→ **To do**
Within these entries, which lines include the string "Level"? Copy each one.

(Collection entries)
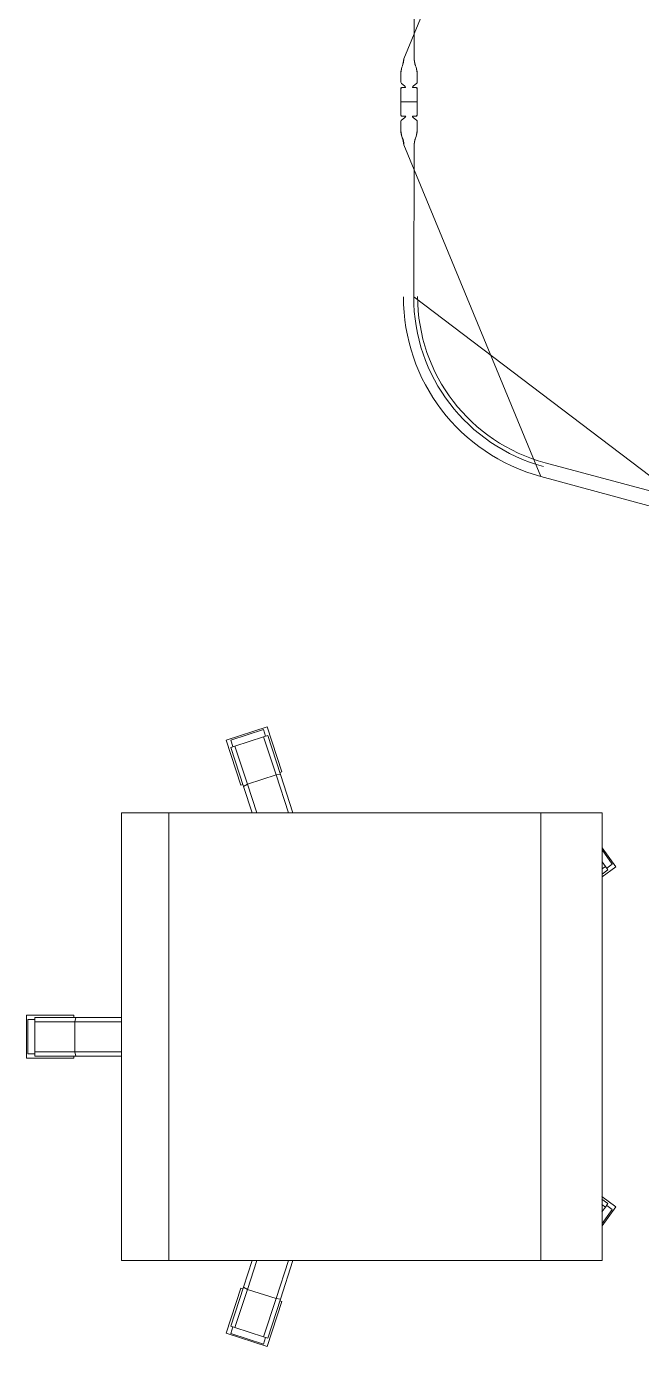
# Model space of a CAD drawing. Header units: millimetres. Extents: x 31960 to 73442, y -14102 to 21505.
# Drawn here: x 59851 to 60566, y -10113 to -8579 of the extents above; entities that cross this region are included whole.
import ezdxf

# ---------------------------------------------------------------- set-up
doc = ezdxf.new("R2010")
doc.units = ezdxf.units.MM
doc.layers.add('G-IMPT', color=8, linetype='Continuous', lineweight=9)
doc.layers.add('I-FURN', color=30, linetype='Continuous', lineweight=9)

# ---------------------------------------------------------------- blocks, each defined once
blk = doc.blocks.new('JX-57-Generic Chair-Task - Task without Arms-542702-Level 9 207 Kent St 1_100')
at = {"layer": 'I-FURN'}
for p, q in [((165.9908196721235, 389.3459016393176), (115.9908196721262, 389.3459016393187)), ((115.99081967213, 334.3459016393542), (115.99081967213, 389.3459016393542)), ((120.99081967213, 379.8550629507719), (120.99081967213, 387.826663752887)), ((120.99081967213, 387.8266637528872), (160.99081967213, 387.8266637528872)), ((160.99081967213, 387.8266637528872), (160.99081967213, 379.8550629507704)), ((165.99081967213, 389.3459016393542), (165.99081967213, 334.3459016393542)), ((118.4908196721301, 379.7005669868533), (123.49081967213, 379.7005669868533)), ((118.4908196721301, 379.7005669868533), (118.49081967213, 332.1112457562539)), ((123.49081967213, 379.7005669868533), (158.49081967213, 379.7005669868533)), ((123.49081967213, 333.2152445224949), (123.49081967213, 379.7005669868533)), ((158.49081967213, 379.7005669868533), (163.49081967213, 379.7005669868533)), ((158.49081967213, 379.7005669868533), (158.49081967213, 333.2152445224948)), ((163.49081967213, 379.7005669868533), (163.49081967213, 332.1112457562539)), ((115.9908196721262, 334.3459016393171), (118.4908196721256, 334.3459016393182)), ((123.4908196721301, 333.2152445224949), (118.4908196721301, 332.1112457562539)), ((118.49081967213, 332.1112457562539), (118.49081967213, 278.8575030548935)), ((123.49081967213, 278.8575030548934), (123.49081967213, 333.2152445224948)), ((158.49081967213, 333.2152445224947), (123.49081967213, 333.2152445224948)), ((163.4908196721299, 332.1112457562539), (158.4908196721299, 333.2152445224948)), ((158.49081967213, 333.2152445224948), (158.49081967213, 278.8575030548944)), ((163.4908196721284, 334.3459016393171), (165.9908196721235, 334.3459016393182)), ((163.49081967213, 332.1112457562539), (163.49081967213, 278.8575030548946)), ((400.990819672122, 278.9459016393145), (-119.0091803278767, 278.9459016393145)), ((-119.0091803278695, 271.7196353977884), (-119.0091803278695, 278.8575030548935)), ((400.9908196721282, 278.8575030548943), (400.9908196721282, 271.7196353977893)), ((-119.0091803278695, 224.0759592121818), (-119.0091803278696, 271.7196353977886)), ((400.9908196721282, 271.7196353977899), (400.9908196721283, 224.0759592121832)), ((-119.0091803278689, -182.7951736253276), (-119.0091803278695, 224.075959212183)), ((400.9908196721283, 224.0759592121827), (-119.0091803278695, 224.0759592121818)), ((400.9908196721283, 224.0759592121839), (400.990819672129, -182.7951736253268)), ((-203.5550891042286, 157.1822092631758), (-219.0059388229751, 109.6293834484188)), ((-203.5550891042225, 157.1822092632134), (-151.2469807079891, 140.1862745725911)), ((433.2286200522495, 140.1862745725901), (485.536728448483, 157.1822092632122)), ((500.9875781672249, 109.6293834484188), (485.5367284484783, 157.1822092631758)), ((-216.0159727593685, 113.915195704515), (-203.6552929843705, 151.9574563563211)), ((-207.5150529920494, 113.7817349966129), (-196.6994581889262, 147.0687130669432)), ((-203.6552929843705, 151.9574563563211), (-196.0738500962163, 149.4940962360949)), ((-196.6994581889262, 147.0687130669432), (-195.1543732170514, 151.823995648419)), ((-196.6994581889262, 147.0687130669432), (-152.4892893471157, 132.7039584364566)), ((-195.1543732170515, 151.823995648419), (-149.8942391546258, 137.118086637395)), ((-152.0195231939287, 137.8086332818161), (-151.2469807079937, 140.1862745725539)), ((477.1360125613118, 151.8239956484189), (431.8758784988858, 137.1180866373949)), ((433.2286200522477, 140.1862745725529), (434.0011625381827, 137.8086332818139)), ((478.6810975331865, 147.0687130669431), (434.4709286913758, 132.7039584364566)), ((477.1360125613116, 151.8239956484188), (478.6810975331863, 147.0687130669431)), ((478.0554894404757, 149.4940962360939), (485.6369323286306, 151.9574563563203)), ((478.6810975331863, 147.068713066943), (489.4966923363095, 113.7817349966127)), ((497.9976121036285, 113.9151957045142), (485.6369323286306, 151.9574563563203)), ((-152.4892893471158, 132.7039584364566), (-163.3048841502391, 99.41698036612623)), ((-149.8942391546258, 137.118086637395), (-152.4892893471157, 132.7039584364566)), ((-152.4892893471159, 132.7039584364566), (-119.009180327872, 121.8256115840792)), ((-149.8942391546258, 137.118086637395), (-119.0091803278678, 127.0829227052692)), ((431.8758784988858, 137.1180866373949), (400.9908196721279, 127.0829227052693)), ((434.4709286913758, 132.7039584364565), (400.9908196721279, 121.8256115840779)), ((434.4709286913758, 132.7039584364565), (431.8758784988858, 137.1180866373949)), ((445.2865234944989, 99.41698036612617), (434.4709286913758, 132.7039584364566)), ((-166.6978304267366, 92.63344875783346), (-219.00593882297, 109.6293834484557)), ((-208.4345298712142, 111.4518355842887), (-216.0159727593685, 113.9151957045149)), ((-209.0601379639242, 109.0264524151371), (-207.5150529920494, 113.7817349966129)), ((-209.0601379639242, 109.0264524151371), (-163.8000039014985, 94.32054340411308)), ((-207.5150529920494, 113.7817349966129), (-163.304884150239, 99.41698036612625)), ((489.4966923363095, 113.7817349966127), (445.2865234944989, 99.4169803661262)), ((491.0417773081842, 109.0264524151369), (445.7816432457583, 94.32054340411302)), ((500.9875781672304, 109.6293834484545), (448.6794697709969, 92.63344875783243)), ((489.4966923363095, 113.7817349966127), (491.0417773081842, 109.0264524151369)), ((497.9976121036286, 113.9151957045142), (490.4161692154718, 111.4518355842872)), ((-166.6978304267403, 92.63344875779694), (-165.9252879408053, 95.0110900485348)), ((-163.304884150239, 99.41698036612625), (-163.8000039014985, 94.32054340411308)), ((-163.8000039014985, 94.32054340411308), (-119.0091803278682, 79.76712261454729)), ((-163.304884150239, 99.41698036612624), (-119.00918032787, 85.02443373573918)), ((445.2865234944989, 99.41698036612617), (400.9908196721272, 85.0244337357384)), ((445.7816432457583, 94.32054340411301), (400.9908196721311, 79.76712261454838)), ((445.7816432457583, 94.32054340411302), (445.2865234944989, 99.41698036612617)), ((447.906927285055, 95.0110900485348), (448.6794697709943, 92.63344875779586)), ((-119.0091803278688, -208.021198975137), (-119.0091803278688, -182.7951736253275)), ((400.9908196721289, -182.7951736253265), (400.990819672129, -208.0211989751361)), ((-119.0091803278688, -239.4634862947304), (-119.0091803278688, -208.0211989751369)), ((400.990819672129, -208.0211989751361), (-119.0091803278688, -208.021198975137)), ((400.990819672129, -208.0211989751361), (400.990819672129, -239.4634862947295)), ((-119.0091803278687, -279.3112742184001), (-119.0091803278688, -239.4634862947304)), ((400.9908196721291, -239.4634862947295), (400.9908196721291, -279.3112742183992)), ((-119.0091803278767, -279.387380256603), (400.990819672122, -279.3873802566019)), ((-78.71613399590915, -279.2672316882831), (-56.49941291763457, -295.4086243844804)), ((-59.65151226511413, -291.2406088543295), (-76.13533483681351, -279.2644107318953)), ((-56.89765491327514, -283.1969953419415), (-62.33116112098073, -279.2493220058623)), ((-54.96592287646651, -284.7914483330434), (-59.65151226511407, -291.2406088543295)), ((-54.02290433582247, -279.2402406212717), (-56.8976549132751, -283.1969953419415)), ((-52.85256994140046, -286.1359216034039), (-56.89765491327511, -283.1969953419415)), ((-44.75550293027926, -279.2445190022132), (-56.49941291762859, -295.4086243844418)), ((-52.85256994140046, -286.1359216034039), (-47.83765242307846, -279.2334797985313)), ((338.4810522618886, -295.4086243844418), (326.7986861944549, -279.3292269409)), ((334.8342092856607, -286.1359216034037), (329.8758127218143, -279.3112742183991)), ((338.8792942575354, -283.1969953419414), (334.8342092856607, -286.1359216034037)), ((336.0561526093131, -279.311274218399), (338.8792942575354, -283.1969953419414)), ((341.6331516093742, -291.2406088543294), (336.9475622207282, -284.7914483330455)), ((338.4810522618843, -295.4086243844804), (360.6371539979193, -279.3112742184377)), ((344.2275305599668, -279.3112742184028), (338.8792942575355, -283.1969953419413)), ((341.6331516093741, -291.2406088543294), (358.0524721255219, -279.3112742183971))]:
    blk.add_line(p, q, dxfattribs=at)
blk = doc.blocks.new('Furniture 7 - workbay option 2_dwg_D2_WORKBAYS_WALL_ANGLE_105_DEGREES-1916701-Level 9 207 Kent St 1_100')
at = {"layer": 'I-FURN'}
for p, q in [((-0.0003787804517871849, 0.0004700807128746065), (-0.0003782814387824758, 0.0004713089667528294)), ((-0.0003704721624406448, 0.0004713087755981587), (-0.0003699731652208977, 0.0004700808628324006))]:
    blk.add_line(p, q, dxfattribs=at)
at = {"layer": 'I-FURN', "flags": 128}
for points in [[(-0.0003838767681930823, 0.0004723092118732917), (-0.0003838767681930865, 0.0004879092145468731), (-0.0003648767681930838, 0.0004879092145468773), (-0.0003648767681930838, 0.0004723092118732917), (-0.0003658767681930818, 0.0004713092118732896), (-0.0003704721848994843, 0.0004713092118732896)], [(-0.0003782814262058604, 0.0004713092118732896), (-0.0003828767681930844, 0.0004713092118732937), (-0.0003838767681930823, 0.0004723092118732917)], [(-0.0003699728769811438, 0.0004700805345582835), (-0.0003697354376351514, 0.0004698795250626645), (-0.0003690905802609205, 0.0004693573681299005), (-0.0003656180978783505, 0.0004665454108766988), (-0.0003648767412496383, 0.0004649911268657464), (-0.0003648767359731024, 0.0004544716054275829), (-0.0003660828774399625, 0.0004476312099179513), (-0.000366695908984521, 0.0004459469150574581), (-0.000367360139889747, 0.0004440975758705926), (-0.0003683766537644313, 0.0004378306596327865), (-0.0003683767257168551, 0.0002614526016283063), (-4.68192368939279e-05, 1.875691447619078e-05), (-4.050276700101166e-05, 1.811679911078387e-05), (-3.854452703681248e-05, 1.827975421551701e-05), (-3.675895901434351e-05, 1.843597101630913e-05), (-2.98394699709866e-05, 1.783059475285922e-05), (-1.9678393289963e-05, 1.510794525333487e-05), (-1.836894656836276e-05, 1.398957245281978e-05), (-1.655154583859168e-05, 9.907625358779348e-06), (-1.621408175283798e-05, 9.149597070155541e-06), (-1.607093198465693e-05, 8.846081088462047e-06), (-1.606694169607309e-05, 8.840325027693723e-06), (-1.502981753214569e-05, 8.069999444157438e-06), (-1.502376196754001e-05, 8.068039194379314e-06), (-1.383440887886654e-05, 1.25067657925578e-05), (-1.336848306769116e-05, 1.311397216284006e-05), (-1.26096640250825e-05, 1.321387260423576e-05), (2.458780700110262e-06, 9.176295410959971e-06), (-2.458780699978076e-06, -9.176295410947579e-06), (-1.752722542516671e-05, -5.138718217675921e-06), (-1.813443179544897e-05, -4.672792406500538e-06), (-1.823433223684467e-05, -3.913973363887751e-06), (-1.704497299578368e-05, 5.24776194185206e-07), (-1.83386201080671e-05, 3.713145756193705e-07), (-1.861659862528092e-05, 1.832791464542781e-07), (-1.9287865162129e-05, -3.044606735825325e-07), (-2.290275348676294e-05, -2.930830771547129e-06), (-2.459595396226453e-05, -3.24464693974558e-06), (-3.475702715914794e-05, -5.219945459524899e-07), (-4.105217158384438e-05, 2.413478415478439e-06), (-4.252041061674677e-05, 3.441549908096849e-06), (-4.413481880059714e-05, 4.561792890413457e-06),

→ **Output for this task**
blk = doc.blocks.new('JX-57-Generic Chair-Task - Task without Arms-542702-Level 9 207 Kent St 1_100')
blk = doc.blocks.new('Furniture 7 - workbay option 2_dwg_D2_WORKBAYS_WALL_ANGLE_105_DEGREES-1916701-Level 9 207 Kent St 1_100')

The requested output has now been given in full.